Horseradish: The Ukrainian condiment that’s the ultimate complement

March 2022

I have a memory of my dad making horseradish. It was a spring morning and, armed with nothing but a handkerchief over his nose and mouth, he stood outside at a picnic table and grated a long horseradish root into a bowl. As tears rolled down his cheeks, I could see that he was in his glory. “Just wait, Donna,” he said. “This is going to be the best horseradish yet. My eyes can tell!”

I never went near the stuff after that.

A few years ago, however, I finally decided to try this condiment that people either love or hate.
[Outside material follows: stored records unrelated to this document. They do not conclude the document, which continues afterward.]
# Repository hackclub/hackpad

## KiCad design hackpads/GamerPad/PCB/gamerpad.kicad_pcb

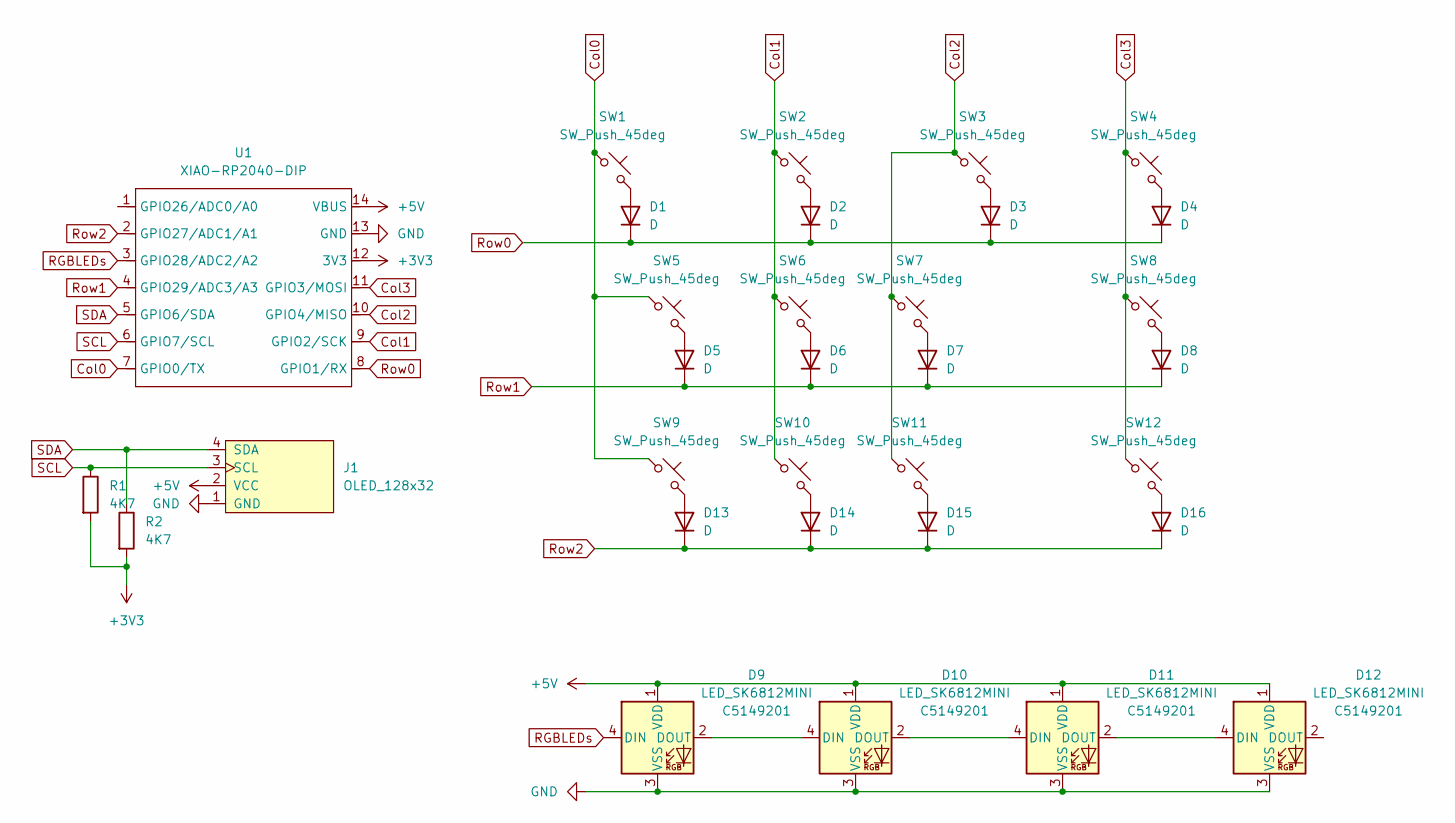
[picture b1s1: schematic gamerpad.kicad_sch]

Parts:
D1, D2, D3, D4, D5, D6, D7, D8, D13, D14, D15, D16: D; D_DO-35_SOD27_P7.62mm_Horizontal
D9, D10, D11, D12: LED_SK6812MINI; SK6812MINI-E; LCSC C5149201
J1: OLED_128x32
R1, R2: 4K7; R_Axial_DIN0204_L3.6mm_D1.6mm_P7.62mm_Horizontal
SW1, SW2, SW3, SW4, SW5, SW6, SW7, SW8, SW9, SW10, SW11, SW12: SW_Push_45deg; MX_PCB_1.00u
U1: XIAO-RP2040-DIP

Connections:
+3V3: R1.2, R2.2, U1.12 (3V3)
+5V: D9.1 (VDD), D10.1 (VDD), D11.1 (VDD), D12.1 (VDD), J1.2 (VCC), U1.14 (VBUS)
Col0: SW1.1, SW5.1, SW9.1, U1.7 (GPIO0/TX)
Col1: SW2.1, SW6.1, SW10.1, U1.9 (GPIO2/SCK)
Col2: SW3.1, SW7.1, SW11.1, U1.10 (GPIO4/MISO)
Col3: SW4.1, SW8.1, SW12.1, U1.11 (GPIO3/MOSI)
GND: D9.3 (VSS), D10.3 (VSS), D11.3 (VSS), D12.3 (VSS), J1.1 (GND), U1.13 (GND)
unnamed: D1.2 (A), SW1.2
unnamed: D2.2 (A), SW2.2
unnamed: D3.2 (A), SW3.2
unnamed: D4.2 (A), SW4.2
unnamed: D5.2 (A), SW5.2
unnamed: D6.2 (A), SW6.2
unnamed: D7.2 (A), SW7.2
unnamed: D8.2 (A), SW8.2
unnamed: D9.2 (DOUT), D10.4 (DIN)
unnamed: D10.2 (DOUT), D11.4 (DIN)
unnamed: D11.2 (DOUT), D12.4 (DIN)
unnamed: D13.2 (A), SW9.2
unnamed: D14.2 (A), SW10.2
unnamed: D15.2 (A), SW11.2
unnamed: D16.2 (A), SW12.2
RGBLEDs: D9.4 (DIN), U1.3 (GPIO28/ADC2/A2)
Row0: D1.1 (K), D2.1 (K), D3.1 (K), D4.1 (K), U1.8 (GPIO1/RX)
Row1: D5.1 (K), D6.1 (K), D7.1 (K), D8.1 (K), U1.4 (GPIO29/ADC3/A3)
Row2: D13.1 (K), D14.1 (K), D15.1 (K), D16.1 (K), U1.2 (GPIO27/ADC1/A1)
SCL: J1.3 (SCL), R1.1, U1.6 (GPIO7/SCL)
SDA: J1.4 (SDA), R2.1, U1.5 (GPIO6/SDA)

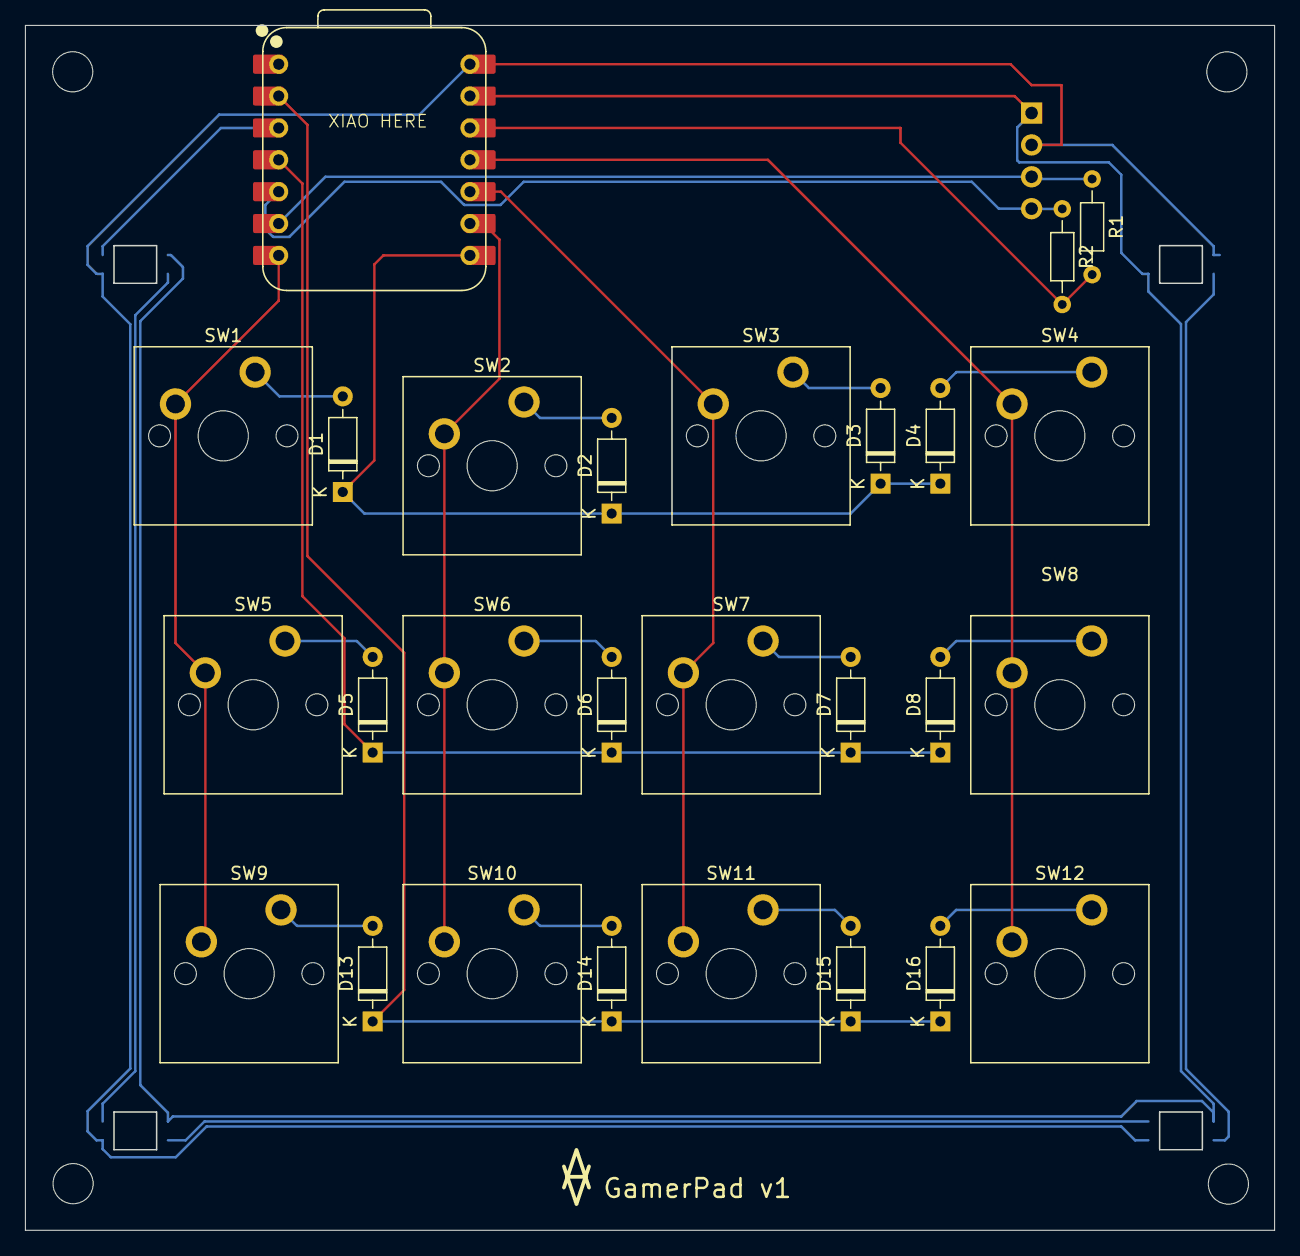
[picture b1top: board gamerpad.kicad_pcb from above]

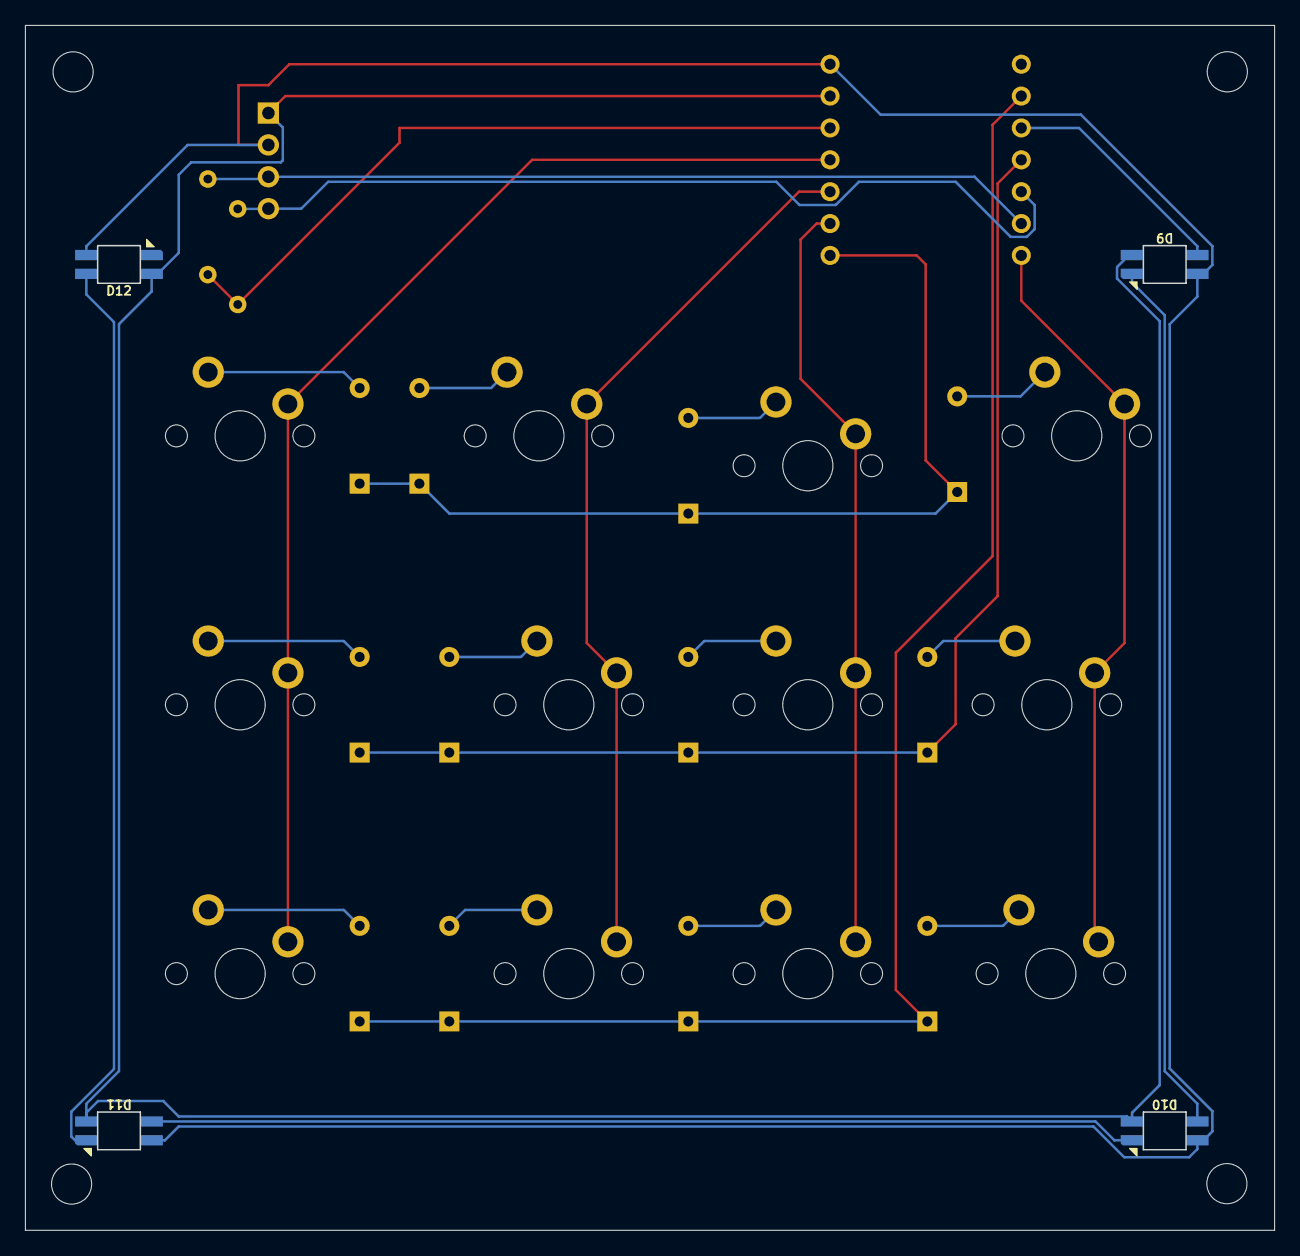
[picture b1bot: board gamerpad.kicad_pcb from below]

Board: 2 copper layers, 99.6 x 96.0 mm, 32 parts (4 on the bottom side), 28 nets.

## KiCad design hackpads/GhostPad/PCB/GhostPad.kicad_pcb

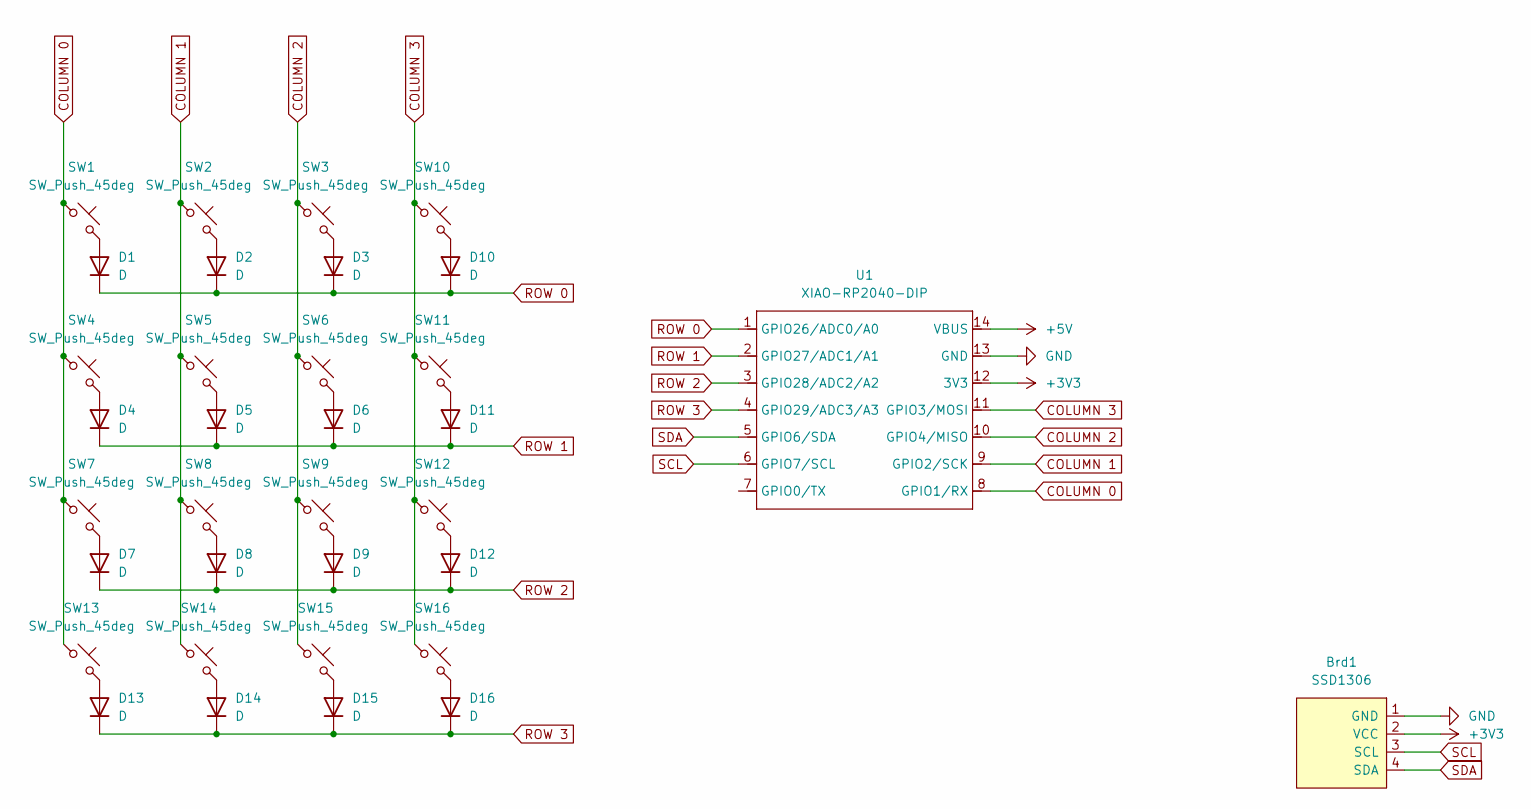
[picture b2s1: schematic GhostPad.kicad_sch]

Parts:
Brd1: SSD1306; 128x64OLED
D1, D2, D3, D4, D5, D6, D7, D8, D9, D10, D11, D12, D13, D14, D15, D16: D; D_0805_2012Metric_Pad1.15x1.40mm_HandSolder
SW1, SW2, SW3, SW4, SW5, SW6, SW7, SW8, SW9, SW10, SW11, SW12, SW13, SW14, SW15, SW16: SW_Push_45deg; SW_Cherry_MX_1.00u_PCB
U1: XIAO-RP2040-DIP

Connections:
+3V3: Brd1.2 (VCC), U1.12 (3V3)
+5V: U1.14 (VBUS)
COLUMN 0: SW1.1, SW4.1, SW7.1, SW13.1, U1.8 (GPIO1/RX)
COLUMN 1: SW2.1, SW5.1, SW8.1, SW14.1, U1.9 (GPIO2/SCK)
COLUMN 2: SW3.1, SW6.1, SW9.1, SW15.1, U1.10 (GPIO4/MISO)
COLUMN 3: SW10.1, SW11.1, SW12.1, SW16.1, U1.11 (GPIO3/MOSI)
GND: Brd1.1 (GND), U1.13 (GND)
unnamed: D1.2 (A), SW1.2
unnamed: D2.2 (A), SW2.2
unnamed: D3.2 (A), SW3.2
unnamed: D4.2 (A), SW4.2
unnamed: D5.2 (A), SW5.2
unnamed: D6.2 (A), SW6.2
unnamed: D7.2 (A), SW7.2
unnamed: D8.2 (A), SW8.2
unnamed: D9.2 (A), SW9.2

I was half Ukrainian, right?

If I wanted to claim my heritage, I needed to embrace horseradish along with all of the other Ukrainian foods I enjoyed: perogies, cabbage rolls, headcheese…

I must admit that I was pleasantly surprised. Sure, it had a bite to it, but underneath that zesty sting was a subtle sweet flavour that complimented my roast beef quite nicely. It made me think of my baba and gido: rough and tough on the outside, but sweet and loving inside.

I decided to make some.

A friend of mine offered a couple of horseradish roots and warned me about where to plant them. “They will spread,” he said, “and take over everything.” I heeded his advice and planted them on the outside of the garden, next to the path where the rototiller keeps the garden separated from the lawn. “It should resign itself to growing in this small patch,” I said. “Good luck with that,” my friend replied with a sinister chuckle.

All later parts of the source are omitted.